═══ RECORD EXTRACTS ═══

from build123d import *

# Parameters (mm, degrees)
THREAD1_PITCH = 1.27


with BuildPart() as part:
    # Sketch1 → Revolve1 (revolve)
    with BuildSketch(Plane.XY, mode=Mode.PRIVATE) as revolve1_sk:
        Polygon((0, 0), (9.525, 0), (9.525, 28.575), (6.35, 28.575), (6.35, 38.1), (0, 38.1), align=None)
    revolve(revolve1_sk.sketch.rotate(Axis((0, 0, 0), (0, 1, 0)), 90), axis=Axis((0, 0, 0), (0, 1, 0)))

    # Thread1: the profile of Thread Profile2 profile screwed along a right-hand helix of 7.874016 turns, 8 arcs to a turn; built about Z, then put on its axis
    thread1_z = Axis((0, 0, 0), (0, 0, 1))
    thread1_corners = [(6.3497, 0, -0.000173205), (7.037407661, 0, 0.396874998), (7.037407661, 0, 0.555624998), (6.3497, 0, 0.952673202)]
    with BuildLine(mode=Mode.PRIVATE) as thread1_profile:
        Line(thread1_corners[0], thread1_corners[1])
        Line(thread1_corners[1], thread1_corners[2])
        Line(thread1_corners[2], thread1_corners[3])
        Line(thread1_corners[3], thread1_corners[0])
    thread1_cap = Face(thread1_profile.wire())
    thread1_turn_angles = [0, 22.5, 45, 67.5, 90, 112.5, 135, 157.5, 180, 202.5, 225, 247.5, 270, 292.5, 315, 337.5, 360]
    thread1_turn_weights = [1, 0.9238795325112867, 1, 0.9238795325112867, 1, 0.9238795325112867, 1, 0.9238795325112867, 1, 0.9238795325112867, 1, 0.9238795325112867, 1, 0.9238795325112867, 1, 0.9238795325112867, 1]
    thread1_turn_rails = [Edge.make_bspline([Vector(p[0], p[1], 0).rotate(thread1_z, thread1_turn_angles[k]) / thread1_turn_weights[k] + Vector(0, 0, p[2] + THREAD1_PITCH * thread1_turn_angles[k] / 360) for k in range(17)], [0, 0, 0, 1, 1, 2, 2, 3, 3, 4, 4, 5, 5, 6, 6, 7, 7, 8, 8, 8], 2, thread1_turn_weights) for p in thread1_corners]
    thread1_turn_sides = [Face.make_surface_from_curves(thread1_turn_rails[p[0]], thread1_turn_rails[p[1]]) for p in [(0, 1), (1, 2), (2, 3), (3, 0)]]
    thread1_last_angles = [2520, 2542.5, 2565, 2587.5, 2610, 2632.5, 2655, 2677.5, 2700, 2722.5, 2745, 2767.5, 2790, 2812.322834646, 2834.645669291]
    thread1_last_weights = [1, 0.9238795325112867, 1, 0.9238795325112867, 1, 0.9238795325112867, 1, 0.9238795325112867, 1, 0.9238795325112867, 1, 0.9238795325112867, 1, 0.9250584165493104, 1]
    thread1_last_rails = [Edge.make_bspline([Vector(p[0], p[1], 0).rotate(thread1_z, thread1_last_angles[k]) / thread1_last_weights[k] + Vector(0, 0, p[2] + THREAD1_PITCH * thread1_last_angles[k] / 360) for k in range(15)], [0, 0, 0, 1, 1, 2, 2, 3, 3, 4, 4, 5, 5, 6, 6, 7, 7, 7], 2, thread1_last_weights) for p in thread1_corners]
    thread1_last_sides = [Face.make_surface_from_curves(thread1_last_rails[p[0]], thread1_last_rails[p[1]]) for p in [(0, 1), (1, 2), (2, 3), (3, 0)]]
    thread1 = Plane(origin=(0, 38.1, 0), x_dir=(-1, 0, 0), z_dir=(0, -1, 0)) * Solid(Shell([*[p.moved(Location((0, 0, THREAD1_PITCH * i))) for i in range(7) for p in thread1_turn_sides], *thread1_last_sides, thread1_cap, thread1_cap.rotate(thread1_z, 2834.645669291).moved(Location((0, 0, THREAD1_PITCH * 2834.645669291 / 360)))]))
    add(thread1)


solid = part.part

═══

*INSTRUCTIONS FOR THE TASK:* Return the lines of the listing above exactly as they appear, starting with the first and stopping after the line that holds "thread1_turn_rails[p[1]]) for p".

*YOUR SOLUTION:*
from build123d import *

# Parameters (mm, degrees)
THREAD1_PITCH = 1.27


with BuildPart() as part:
    # Sketch1 → Revolve1 (revolve)
    with BuildSketch(Plane.XY, mode=Mode.PRIVATE) as revolve1_sk:
        Polygon((0, 0), (9.525, 0), (9.525, 28.575), (6.35, 28.575), (6.35, 38.1), (0, 38.1), align=None)
    revolve(revolve1_sk.sketch.rotate(Axis((0, 0, 0), (0, 1, 0)), 90), axis=Axis((0, 0, 0), (0, 1, 0)))

    # Thread1: the profile of Thread Profile2 profile screwed along a right-hand helix of 7.874016 turns, 8 arcs to a turn; built about Z, then put on its axis
    thread1_z = Axis((0, 0, 0), (0, 0, 1))
    thread1_corners = [(6.3497, 0, -0.000173205), (7.037407661, 0, 0.396874998), (7.037407661, 0, 0.555624998), (6.3497, 0, 0.952673202)]
    with BuildLine(mode=Mode.PRIVATE) as thread1_profile:
        Line(thread1_corners[0], thread1_corners[1])
        Line(thread1_corners[1], thread1_corners[2])
        Line(thread1_corners[2], thread1_corners[3])
        Line(thread1_corners[3], thread1_corners[0])
    thread1_cap = Face(thread1_profile.wire())
    thread1_turn_angles = [0, 22.5, 45, 67.5, 90, 112.5, 135, 157.5, 180, 202.5, 225, 247.5, 270, 292.5, 315, 337.5, 360]
    thread1_turn_weights = [1, 0.9238795325112867, 1, 0.9238795325112867, 1, 0.9238795325112867, 1, 0.9238795325112867, 1, 0.9238795325112867, 1, 0.9238795325112867, 1, 0.9238795325112867, 1, 0.9238795325112867, 1]
    thread1_turn_rails = [Edge.make_bspline([Vector(p[0], p[1], 0).rotate(thread1_z, thread1_turn_angles[k]) / thread1_turn_weights[k] + Vector(0, 0, p[2] + THREAD1_PITCH * thread1_turn_angles[k] / 360) for k in range(17)], [0, 0, 0, 1, 1, 2, 2, 3, 3, 4, 4, 5, 5, 6, 6, 7, 7, 8, 8, 8], 2, thread1_turn_weights) for p in thread1_corners]
    thread1_turn_sides = [Face.make_surface_from_curves(thread1_turn_rails[p[0]], thread1_turn_rails[p[1]]) for p in [(0, 1), (1, 2), (2, 3), (3, 0)]]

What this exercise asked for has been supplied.